Quantitative evaluation of hydrate-based CO2 storage in unsealed marine sediments: Viewpoint from the driving force of hydrate formation and CO2-water contact ability

•The liquid CO2-seawater system in unsealed submarine sediments is simulated.•Liquid CO2 hydrate conversion capacity is identified from driving force and contact ability.•“Comfort zone” for submarine CO2 hydrate sequestration is identified.•The influences of sediment type and CO2-seawater ratio are revealed. CO2 hydrate provides an important way for the long-term stable way for CO2 sequestration, but the current understanding of CO2 hydrate formation behavior from liquid CO2 and seawater in submarine sediments is still unclear. In this work, we constructed the unsealed submarine sediments and examined the effects of multiple factors on CO2 hydrate formation from two perspectives: driving force of hydrate formation and CO2-water contact ability. “T-p comfort zone” that CO2 could be more sequestrated as hydrate was identified, and if CO2 is injected in the appropriate area, the floating CO2 from deep sediments could always flow in the relatively “comfort zones” and eventually be more solidified.

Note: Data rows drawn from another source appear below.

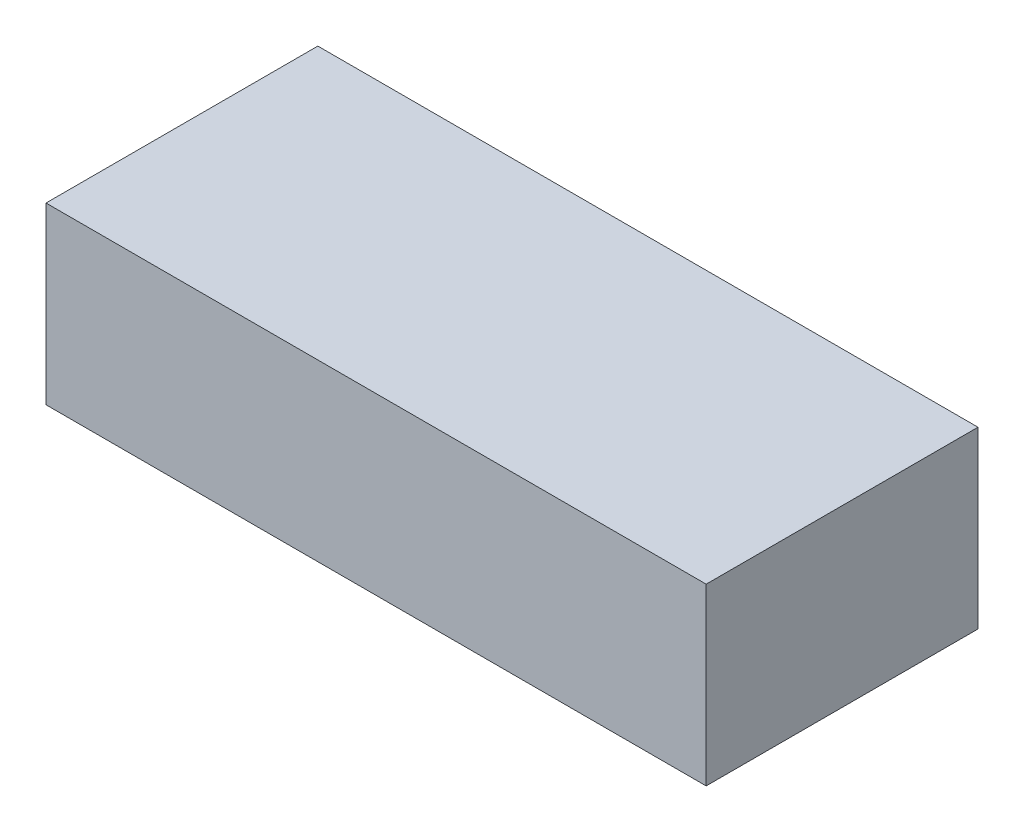
ISO-10303-21;
HEADER;
FILE_DESCRIPTION(('STEP AP214'),'2;1');
FILE_NAME('part.step','',(''),(''),'','','');
FILE_SCHEMA(('AUTOMOTIVE_DESIGN { 1 0 10303 214 1 1 1 1 }'));
ENDSEC;
DATA;
#1=APPLICATION_CONTEXT('core data for automotive mechanical design processes');
#2=APPLICATION_PROTOCOL_DEFINITION('international standard','automotive_design',2000,#1);
#3=PRODUCT_CONTEXT('',#1,'mechanical');
#4=PRODUCT('Part','Part','',(#3));
#5=PRODUCT_RELATED_PRODUCT_CATEGORY('part','',(#4));
#6=PRODUCT_DEFINITION_FORMATION('','',#4);
#7=PRODUCT_DEFINITION_CONTEXT('part definition',#1,'design');
#8=PRODUCT_DEFINITION('design','',#6,#7);
#9=PRODUCT_DEFINITION_SHAPE('','',#8);
#10=(LENGTH_UNIT() NAMED_UNIT(*) SI_UNIT(.MILLI.,.METRE.));
#11=(NAMED_UNIT(*) PLANE_ANGLE_UNIT() SI_UNIT($,.RADIAN.));
#12=(NAMED_UNIT(*) SI_UNIT($,.STERADIAN.) SOLID_ANGLE_UNIT());
#13=UNCERTAINTY_MEASURE_WITH_UNIT(LENGTH_MEASURE(1.E-05),#10,'distance_accuracy_value','');
#14=(GEOMETRIC_REPRESENTATION_CONTEXT(3) GLOBAL_UNCERTAINTY_ASSIGNED_CONTEXT((#13)) GLOBAL_UNIT_ASSIGNED_CONTEXT((#10,
#11,#12)) REPRESENTATION_CONTEXT('',''));
#15=CARTESIAN_POINT('',(0.,0.,0.));
#16=DIRECTION('',(0.,0.,1.));
#17=DIRECTION('',(1.,0.,0.));
#18=AXIS2_PLACEMENT_3D('',#15,#16,#17);
#19=CARTESIAN_POINT('',(-85.,22.5,35.));
#20=DIRECTION('',(1.,0.,0.));
#21=DIRECTION('',(0.,0.,-1.));
#22=AXIS2_PLACEMENT_3D('',#19,#20,#21);
#23=PLANE('',#22);
#24=DIRECTION('',(0.,0.,1.));
#25=VECTOR('',#24,1.);
#26=CARTESIAN_POINT('',(-85.,-22.5,35.));
#27=LINE('',#26,#25);
#28=CARTESIAN_POINT('',(-85.,-22.5,-35.));
#29=VERTEX_POINT('',#28);
#30=CARTESIAN_POINT('',(-85.,-22.5,35.));
#31=VERTEX_POINT('',#30);
#32=EDGE_CURVE('E102',#29,#31,#27,.T.);
#33=ORIENTED_EDGE('',*,*,#32,.T.);
#34=DIRECTION('',(0.,-1.,0.));
#35=VECTOR('',#34,1.);
#36=CARTESIAN_POINT('',(-85.,22.5,35.));
#37=LINE('',#36,#35);
#38=CARTESIAN_POINT('',(-85.,22.5,35.));
#39=VERTEX_POINT('',#38);
#40=EDGE_CURVE('E11',#39,#31,#37,.T.);
#41=ORIENTED_EDGE('',*,*,#40,.F.);
#42=DIRECTION('',(0.,0.,1.));
#43=VECTOR('',#42,1.);
#44=CARTESIAN_POINT('',(-85.,22.5,35.));
#45=LINE('',#44,#43);
#46=CARTESIAN_POINT('',(-85.,22.5,-35.));
#47=VERTEX_POINT('',#46);
#48=EDGE_CURVE('E90',#47,#39,#45,.T.);
#49=ORIENTED_EDGE('',*,*,#48,.F.);
#50=DIRECTION('',(0.,-1.,0.));
#51=VECTOR('',#50,1.);
#52=CARTESIAN_POINT('',(-85.,22.5,-35.));
#53=LINE('',#52,#51);
#54=EDGE_CURVE('E98',#47,#29,#53,.T.);
#55=ORIENTED_EDGE('',*,*,#54,.T.);
#56=EDGE_LOOP('',(#33,#41,#49,#55));
#57=FACE_BOUND('',#56,.T.);
#58=ADVANCED_FACE('F39',(#57),#23,.F.);
#59=CARTESIAN_POINT('',(85.,22.5,35.));
#60=DIRECTION('',(0.,0.,-1.));
#61=DIRECTION('',(-1.,0.,0.));
#62=AXIS2_PLACEMENT_3D('',#59,#60,#61);
#63=PLANE('',#62);
#64=DIRECTION('',(1.,0.,0.));
#65=VECTOR('',#64,1.);
#66=CARTESIAN_POINT('',(85.,-22.5,35.));
#67=LINE('',#66,#65);
#68=CARTESIAN_POINT('',(85.,-22.5,35.));
#69=VERTEX_POINT('',#68);
#70=EDGE_CURVE('E94',#31,#69,#67,.T.);
#71=ORIENTED_EDGE('',*,*,#70,.T.);
#72=DIRECTION('',(0.,-1.,0.));
#73=VECTOR('',#72,1.);
#74=CARTESIAN_POINT('',(85.,22.5,35.));
#75=LINE('',#74,#73);
#76=CARTESIAN_POINT('',(85.,22.5,35.));
#77=VERTEX_POINT('',#76);
#78=EDGE_CURVE('E47',#77,#69,#75,.T.);
#79=ORIENTED_EDGE('',*,*,#78,.F.);
#80=DIRECTION('',(1.,0.,0.));
#81=VECTOR('',#80,1.);
#82=CARTESIAN_POINT('',(85.,22.5,35.));
#83=LINE('',#82,#81);
#84=EDGE_CURVE('E85',#39,#77,#83,.T.);
#85=ORIENTED_EDGE('',*,*,#84,.F.);
#86=ORIENTED_EDGE('',*,*,#40,.T.);
#87=EDGE_LOOP('',(#71,#79,#85,#86));
#88=FACE_BOUND('',#87,.T.);
#89=ADVANCED_FACE('F93',(#88),#63,.F.);
#90=CARTESIAN_POINT('',(85.,22.5,-35.));
#91=DIRECTION('',(-1.,0.,0.));
#92=DIRECTION('',(0.,0.,1.));
#93=AXIS2_PLACEMENT_3D('',#90,#91,#92);
#94=PLANE('',#93);
#95=DIRECTION('',(0.,0.,-1.));
#96=VECTOR('',#95,1.);
#97=CARTESIAN_POINT('',(85.,-22.5,-35.));
#98=LINE('',#97,#96);
#99=CARTESIAN_POINT('',(85.,-22.5,-35.));
#100=VERTEX_POINT('',#99);
#101=EDGE_CURVE('E72',#69,#100,#98,.T.);
#102=ORIENTED_EDGE('',*,*,#101,.T.);
#103=DIRECTION('',(0.,-1.,0.));
#104=VECTOR('',#103,1.);
#105=CARTESIAN_POINT('',(85.,22.5,-35.));
#106=LINE('',#105,#104);
#107=CARTESIAN_POINT('',(85.,22.5,-35.));
#108=VERTEX_POINT('',#107);
#109=EDGE_CURVE('E95',#108,#100,#106,.T.);
#110=ORIENTED_EDGE('',*,*,#109,.F.);
#111=DIRECTION('',(0.,0.,-1.));
#112=VECTOR('',#111,1.);
#113=CARTESIAN_POINT('',(85.,22.5,-35.));
#114=LINE('',#113,#112);
#115=EDGE_CURVE('E88',#77,#108,#114,.T.);
#116=ORIENTED_EDGE('',*,*,#115,.F.);
#117=ORIENTED_EDGE('',*,*,#78,.T.);
#118=EDGE_LOOP('',(#102,#110,#116,#117));
#119=FACE_BOUND('',#118,.T.);
#120=ADVANCED_FACE('F96',(#119),#94,.F.);
#121=CARTESIAN_POINT('',(-85.,22.5,-35.));
#122=DIRECTION('',(0.,0.,1.));
#123=DIRECTION('',(1.,0.,0.));
#124=AXIS2_PLACEMENT_3D('',#121,#122,#123);
#125=PLANE('',#124);
#126=DIRECTION('',(-1.,0.,0.));
#127=VECTOR('',#126,1.);
#128=CARTESIAN_POINT('',(-85.,-22.5,-35.));
#129=LINE('',#128,#127);
#130=EDGE_CURVE('E78',#100,#29,#129,.T.);
#131=ORIENTED_EDGE('',*,*,#130,.T.);
#132=ORIENTED_EDGE('',*,*,#54,.F.);
#133=DIRECTION('',(-1.,0.,0.));
#134=VECTOR('',#133,1.);
#135=CARTESIAN_POINT('',(-85.,22.5,-35.));
#136=LINE('',#135,#134);
#137=EDGE_CURVE('E55',#108,#47,#136,.T.);
#138=ORIENTED_EDGE('',*,*,#137,.F.);
#139=ORIENTED_EDGE('',*,*,#109,.T.);
#140=EDGE_LOOP('',(#131,#132,#138,#139));
#141=FACE_BOUND('',#140,.T.);
#142=ADVANCED_FACE('F109',(#141),#125,.F.);
#143=CARTESIAN_POINT('',(0.,22.5,0.));
#144=DIRECTION('',(0.,-1.,0.));
#145=DIRECTION('',(0.,0.,-1.));
#146=AXIS2_PLACEMENT_3D('',#143,#144,#145);
#147=PLANE('',#146);
#148=ORIENTED_EDGE('',*,*,#48,.T.);
#149=ORIENTED_EDGE('',*,*,#84,.T.);
#150=ORIENTED_EDGE('',*,*,#115,.T.);
#151=ORIENTED_EDGE('',*,*,#137,.T.);
#152=EDGE_LOOP('',(#148,#149,#150,#151));
#153=FACE_BOUND('',#152,.T.);
#154=ADVANCED_FACE('F86',(#153),#147,.F.);
#155=CARTESIAN_POINT('',(0.,-22.5,0.));
#156=DIRECTION('',(0.,-1.,0.));
#157=DIRECTION('',(0.,0.,-1.));
#158=AXIS2_PLACEMENT_3D('',#155,#156,#157);
#159=PLANE('',#158);
#160=ORIENTED_EDGE('',*,*,#32,.F.);
#161=ORIENTED_EDGE('',*,*,#130,.F.);
#162=ORIENTED_EDGE('',*,*,#101,.F.);
#163=ORIENTED_EDGE('',*,*,#70,.F.);
#164=EDGE_LOOP('',(#160,#161,#162,#163));
#165=FACE_BOUND('',#164,.T.);
#166=ADVANCED_FACE('F112',(#165),#159,.T.);
#167=CLOSED_SHELL('',(#58,#89,#120,#142,#154,#166));
#168=MANIFOLD_SOLID_BREP('B2',#167);
#169=ADVANCED_BREP_SHAPE_REPRESENTATION('',(#18,#168),#14);
#170=SHAPE_DEFINITION_REPRESENTATION(#9,#169);
ENDSEC;
END-ISO-10303-21;

The relations of CO2-water distribution and quantity in sediments further determined the hydration rate and capacity. Due to the better dispersibility, the maximum CO2 storage density of 66.8 kg/m3 in hydrate form was obtained in silt system at 60 vol% CO2, which was 60 % higher than the sandy system. The addition of 25 wt% clay inhibited the hydrate quantity to 40 kg/m3. Our results present the friendly CO2 sequestration conditions and optimized path in unsealed marine sediments.